_INPUT DATA_
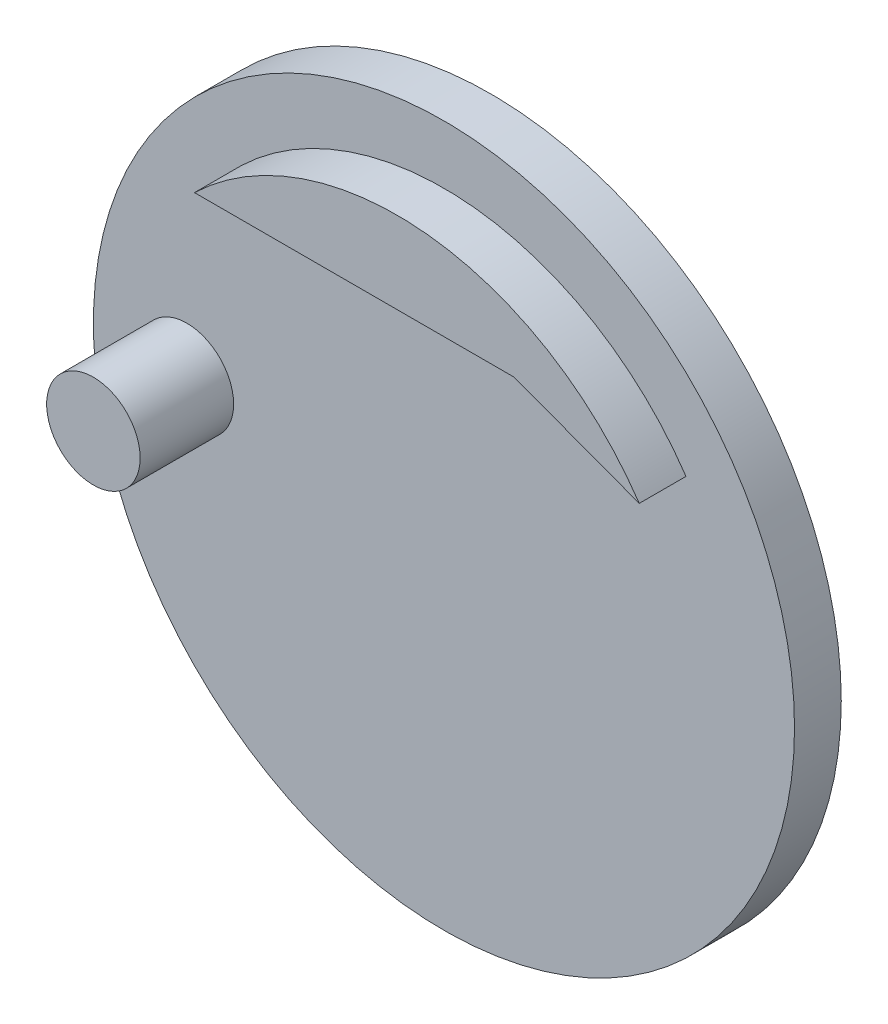
ISO-10303-21;
HEADER;
FILE_DESCRIPTION(('STEP AP214'),'2;1');
FILE_NAME('part.step','',(''),(''),'','','');
FILE_SCHEMA(('AUTOMOTIVE_DESIGN { 1 0 10303 214 1 1 1 1 }'));
ENDSEC;
DATA;
#1=APPLICATION_CONTEXT('core data for automotive mechanical design processes');
#2=APPLICATION_PROTOCOL_DEFINITION('international standard','automotive_design',2000,#1);
#3=PRODUCT_CONTEXT('',#1,'mechanical');
#4=PRODUCT('Part','Part','',(#3));
#5=PRODUCT_RELATED_PRODUCT_CATEGORY('part','',(#4));
#6=PRODUCT_DEFINITION_FORMATION('','',#4);
#7=PRODUCT_DEFINITION_CONTEXT('part definition',#1,'design');
#8=PRODUCT_DEFINITION('design','',#6,#7);
#9=PRODUCT_DEFINITION_SHAPE('','',#8);
#10=(LENGTH_UNIT() NAMED_UNIT(*) SI_UNIT(.MILLI.,.METRE.));
#11=(NAMED_UNIT(*) PLANE_ANGLE_UNIT() SI_UNIT($,.RADIAN.));
#12=(NAMED_UNIT(*) SI_UNIT($,.STERADIAN.) SOLID_ANGLE_UNIT());
#13=UNCERTAINTY_MEASURE_WITH_UNIT(LENGTH_MEASURE(1.E-05),#10,'distance_accuracy_value','');
#14=(GEOMETRIC_REPRESENTATION_CONTEXT(3) GLOBAL_UNCERTAINTY_ASSIGNED_CONTEXT((#13)) GLOBAL_UNIT_ASSIGNED_CONTEXT((#10,
#11,#12)) REPRESENTATION_CONTEXT('',''));
#15=CARTESIAN_POINT('',(0.,0.,0.));
#16=DIRECTION('',(0.,0.,1.));
#17=DIRECTION('',(1.,0.,0.));
#18=AXIS2_PLACEMENT_3D('',#15,#16,#17);
#19=CARTESIAN_POINT('',(0.,0.,5.));
#20=DIRECTION('',(0.,0.,1.));
#21=DIRECTION('',(1.,0.,0.));
#22=AXIS2_PLACEMENT_3D('',#19,#20,#21);
#23=PLANE('',#22);
#24=CARTESIAN_POINT('',(-27.5,0.,5.));
#25=DIRECTION('',(0.,0.,1.));
#26=DIRECTION('',(1.,0.,0.));
#27=AXIS2_PLACEMENT_3D('',#24,#25,#26);
#28=CIRCLE('',#27,5.);
#29=CARTESIAN_POINT('',(-22.5,0.,5.));
#30=VERTEX_POINT('',#29);
#31=EDGE_CURVE('E118',#30,#30,#28,.T.);
#32=ORIENTED_EDGE('',*,*,#31,.F.);
#33=EDGE_LOOP('',(#32));
#34=FACE_BOUND('',#33,.T.);
#35=CARTESIAN_POINT('',(0.,0.,5.));
#36=DIRECTION('',(0.,0.,1.));
#37=DIRECTION('',(1.,0.,0.));
#38=AXIS2_PLACEMENT_3D('',#35,#36,#37);
#39=CIRCLE('',#38,37.5);
#40=CARTESIAN_POINT('',(37.5,0.,5.));
#41=VERTEX_POINT('',#40);
#42=EDGE_CURVE('E11',#41,#41,#39,.T.);
#43=ORIENTED_EDGE('',*,*,#42,.T.);
#44=EDGE_LOOP('',(#43));
#45=FACE_BOUND('',#44,.T.);
#46=DIRECTION('',(1.,0.,0.));
#47=VECTOR('',#46,1.);
#48=CARTESIAN_POINT('',(12.5,22.5,5.));
#49=LINE('',#48,#47);
#50=CARTESIAN_POINT('',(-21.6866894661218,22.5,5.));
#51=VERTEX_POINT('',#50);
#52=CARTESIAN_POINT('',(12.5,22.5,5.));
#53=VERTEX_POINT('',#52);
#54=EDGE_CURVE('E110',#51,#53,#49,.T.);
#55=ORIENTED_EDGE('',*,*,#54,.F.);
#56=CARTESIAN_POINT('',(0.,0.,5.));
#57=DIRECTION('',(0.,0.,1.));
#58=DIRECTION('',(-1.,0.,0.));
#59=AXIS2_PLACEMENT_3D('',#56,#57,#58);
#60=CIRCLE('',#59,31.25);
#61=CARTESIAN_POINT('',(25.89039397151,17.5,5.));
#62=VERTEX_POINT('',#61);
#63=EDGE_CURVE('E96',#62,#51,#60,.T.);
#64=ORIENTED_EDGE('',*,*,#63,.F.);
#65=DIRECTION('',(0.936820432403996,-0.349810630813858,0.));
#66=VECTOR('',#65,1.);
#67=CARTESIAN_POINT('',(25.89039397151,17.5,5.));
#68=LINE('',#67,#66);
#69=EDGE_CURVE('E77',#53,#62,#68,.T.);
#70=ORIENTED_EDGE('',*,*,#69,.F.);
#71=EDGE_LOOP('',(#55,#64,#70));
#72=FACE_BOUND('',#71,.T.);
#73=ADVANCED_FACE('F43',(#34,#45,#72),#23,.T.);
#74=CARTESIAN_POINT('',(0.,0.,5.));
#75=DIRECTION('',(0.,0.,-1.));
#76=DIRECTION('',(-1.,0.,0.));
#77=AXIS2_PLACEMENT_3D('',#74,#75,#76);
#78=CYLINDRICAL_SURFACE('',#77,37.5);
#79=ORIENTED_EDGE('',*,*,#42,.F.);
#80=EDGE_LOOP('',(#79));
#81=FACE_BOUND('',#80,.T.);
#82=CARTESIAN_POINT('',(0.,0.,0.));
#83=DIRECTION('',(0.,0.,1.));
#84=DIRECTION('',(1.,0.,0.));
#85=AXIS2_PLACEMENT_3D('',#82,#83,#84);
#86=CIRCLE('',#85,37.5);
#87=CARTESIAN_POINT('',(37.5,0.,0.));
#88=VERTEX_POINT('',#87);
#89=EDGE_CURVE('E47',#88,#88,#86,.T.);
#90=ORIENTED_EDGE('',*,*,#89,.T.);
#91=EDGE_LOOP('',(#90));
#92=FACE_BOUND('',#91,.T.);
#93=ADVANCED_FACE('F45',(#81,#92),#78,.T.);
#94=CARTESIAN_POINT('',(0.,0.,0.));
#95=DIRECTION('',(0.,0.,1.));
#96=DIRECTION('',(1.,0.,0.));
#97=AXIS2_PLACEMENT_3D('',#94,#95,#96);
#98=PLANE('',#97);
#99=ORIENTED_EDGE('',*,*,#89,.F.);
#100=EDGE_LOOP('',(#99));
#101=FACE_BOUND('',#100,.T.);
#102=ADVANCED_FACE('F142',(#101),#98,.F.);
#103=CARTESIAN_POINT('',(0.,0.,10.));
#104=DIRECTION('',(0.,0.,-1.));
#105=DIRECTION('',(-1.,0.,0.));
#106=AXIS2_PLACEMENT_3D('',#103,#104,#105);
#107=CYLINDRICAL_SURFACE('',#106,31.25);
#108=ORIENTED_EDGE('',*,*,#63,.T.);
#109=DIRECTION('',(0.,0.,-1.));
#110=VECTOR('',#109,1.);
#111=CARTESIAN_POINT('',(-21.6866894661218,22.5,10.));
#112=LINE('',#111,#110);
#113=CARTESIAN_POINT('',(-21.6866894661218,22.5,10.));
#114=VERTEX_POINT('',#113);
#115=EDGE_CURVE('E84',#114,#51,#112,.T.);
#116=ORIENTED_EDGE('',*,*,#115,.F.);
#117=CARTESIAN_POINT('',(0.,0.,10.));
#118=DIRECTION('',(0.,0.,1.));
#119=DIRECTION('',(-1.,0.,0.));
#120=AXIS2_PLACEMENT_3D('',#117,#118,#119);
#121=CIRCLE('',#120,31.25);
#122=CARTESIAN_POINT('',(25.89039397151,17.5,10.));
#123=VERTEX_POINT('',#122);
#124=EDGE_CURVE('E87',#123,#114,#121,.T.);
#125=ORIENTED_EDGE('',*,*,#124,.F.);
#126=DIRECTION('',(0.,0.,-1.));
#127=VECTOR('',#126,1.);
#128=CARTESIAN_POINT('',(25.89039397151,17.5,10.));
#129=LINE('',#128,#127);
#130=EDGE_CURVE('E103',#123,#62,#129,.T.);
#131=ORIENTED_EDGE('',*,*,#130,.T.);
#132=EDGE_LOOP('',(#108,#116,#125,#131));
#133=FACE_BOUND('',#132,.T.);
#134=ADVANCED_FACE('F94',(#133),#107,.T.);
#135=CARTESIAN_POINT('',(12.5,22.5,10.));
#136=DIRECTION('',(0.,1.,0.));
#137=DIRECTION('',(0.,0.,1.));
#138=AXIS2_PLACEMENT_3D('',#135,#136,#137);
#139=PLANE('',#138);
#140=ORIENTED_EDGE('',*,*,#54,.T.);
#141=DIRECTION('',(0.,0.,-1.));
#142=VECTOR('',#141,1.);
#143=CARTESIAN_POINT('',(12.5,22.5,10.));
#144=LINE('',#143,#142);
#145=CARTESIAN_POINT('',(12.5,22.5,10.));
#146=VERTEX_POINT('',#145);
#147=EDGE_CURVE('E59',#146,#53,#144,.T.);
#148=ORIENTED_EDGE('',*,*,#147,.F.);
#149=DIRECTION('',(1.,0.,0.));
#150=VECTOR('',#149,1.);
#151=CARTESIAN_POINT('',(12.5,22.5,10.));
#152=LINE('',#151,#150);
#153=EDGE_CURVE('E81',#114,#146,#152,.T.);
#154=ORIENTED_EDGE('',*,*,#153,.F.);
#155=ORIENTED_EDGE('',*,*,#115,.T.);
#156=EDGE_LOOP('',(#140,#148,#154,#155));
#157=FACE_BOUND('',#156,.T.);
#158=ADVANCED_FACE('F82',(#157),#139,.F.);
#159=CARTESIAN_POINT('',(25.89039397151,17.5,10.));
#160=DIRECTION('',(0.349810630813858,0.936820432403996,0.));
#161=DIRECTION('',(-0.936820432403996,0.349810630813858,0.));
#162=AXIS2_PLACEMENT_3D('',#159,#160,#161);
#163=PLANE('',#162);
#164=ORIENTED_EDGE('',*,*,#69,.T.);
#165=ORIENTED_EDGE('',*,*,#130,.F.);
#166=DIRECTION('',(0.936820432403996,-0.349810630813858,0.));
#167=VECTOR('',#166,1.);
#168=CARTESIAN_POINT('',(25.89039397151,17.5,10.));
#169=LINE('',#168,#167);
#170=EDGE_CURVE('E67',#146,#123,#169,.T.);
#171=ORIENTED_EDGE('',*,*,#170,.F.);
#172=ORIENTED_EDGE('',*,*,#147,.T.);
#173=EDGE_LOOP('',(#164,#165,#171,#172));
#174=FACE_BOUND('',#173,.T.);
#175=ADVANCED_FACE('F153',(#174),#163,.F.);
#176=CARTESIAN_POINT('',(0.,0.,10.));
#177=DIRECTION('',(0.,0.,-1.));
#178=DIRECTION('',(-1.,0.,0.));
#179=AXIS2_PLACEMENT_3D('',#176,#177,#178);
#180=PLANE('',#179);
#181=ORIENTED_EDGE('',*,*,#124,.T.);
#182=ORIENTED_EDGE('',*,*,#153,.T.);
#183=ORIENTED_EDGE('',*,*,#170,.T.);
#184=EDGE_LOOP('',(#181,#182,#183));
#185=FACE_BOUND('',#184,.T.);
#186=ADVANCED_FACE('F90',(#185),#180,.F.);
#187=CARTESIAN_POINT('',(-27.5,0.,15.));
#188=DIRECTION('',(0.,0.,-1.));
#189=DIRECTION('',(-1.,0.,0.));
#190=AXIS2_PLACEMENT_3D('',#187,#188,#189);
#191=CYLINDRICAL_SURFACE('',#190,5.);
#192=CARTESIAN_POINT('',(-27.5,0.,15.));
#193=DIRECTION('',(0.,0.,1.));
#194=DIRECTION('',(1.,0.,0.));
#195=AXIS2_PLACEMENT_3D('',#192,#193,#194);
#196=CIRCLE('',#195,5.);
#197=CARTESIAN_POINT('',(-22.5,0.,15.));
#198=VERTEX_POINT('',#197);
#199=EDGE_CURVE('E115',#198,#198,#196,.T.);
#200=ORIENTED_EDGE('',*,*,#199,.F.);
#201=EDGE_LOOP('',(#200));
#202=FACE_BOUND('',#201,.T.);
#203=ORIENTED_EDGE('',*,*,#31,.T.);
#204=EDGE_LOOP('',(#203));
#205=FACE_BOUND('',#204,.T.);
#206=ADVANCED_FACE('F128',(#202,#205),#191,.T.);
#207=CARTESIAN_POINT('',(-27.5,0.,15.));
#208=DIRECTION('',(0.,0.,1.));
#209=DIRECTION('',(1.,0.,0.));
#210=AXIS2_PLACEMENT_3D('',#207,#208,#209);
#211=PLANE('',#210);
#212=ORIENTED_EDGE('',*,*,#199,.T.);
#213=EDGE_LOOP('',(#212));
#214=FACE_BOUND('',#213,.T.);
#215=ADVANCED_FACE('F126',(#214),#211,.T.);
#216=CLOSED_SHELL('',(#73,#93,#102,#134,#158,#175,#186,#206,#215));
#217=MANIFOLD_SOLID_BREP('B2',#216);
#218=ADVANCED_BREP_SHAPE_REPRESENTATION('',(#18,#217),#14);
#219=SHAPE_DEFINITION_REPRESENTATION(#9,#218);
ENDSEC;
END-ISO-10303-21;

_TASK_
Print exactly the lines of the listing above starting at the line containing "#163=PLANE('',#162);" and ending at the line containing "#183=ORIENTED_EDGE('',*,*,#170,.T.);", both included.

_RESULT BELOW_
#163=PLANE('',#162);
#164=ORIENTED_EDGE('',*,*,#69,.T.);
#165=ORIENTED_EDGE('',*,*,#130,.F.);
#166=DIRECTION('',(0.936820432403996,-0.349810630813858,0.));
#167=VECTOR('',#166,1.);
#168=CARTESIAN_POINT('',(25.89039397151,17.5,10.));
#169=LINE('',#168,#167);
#170=EDGE_CURVE('E67',#146,#123,#169,.T.);
#171=ORIENTED_EDGE('',*,*,#170,.F.);
#172=ORIENTED_EDGE('',*,*,#147,.T.);
#173=EDGE_LOOP('',(#164,#165,#171,#172));
#174=FACE_BOUND('',#173,.T.);
#175=ADVANCED_FACE('F153',(#174),#163,.F.);
#176=CARTESIAN_POINT('',(0.,0.,10.));
#177=DIRECTION('',(0.,0.,-1.));
#178=DIRECTION('',(-1.,0.,0.));
#179=AXIS2_PLACEMENT_3D('',#176,#177,#178);
#180=PLANE('',#179);
#181=ORIENTED_EDGE('',*,*,#124,.T.);
#182=ORIENTED_EDGE('',*,*,#153,.T.);
#183=ORIENTED_EDGE('',*,*,#170,.T.);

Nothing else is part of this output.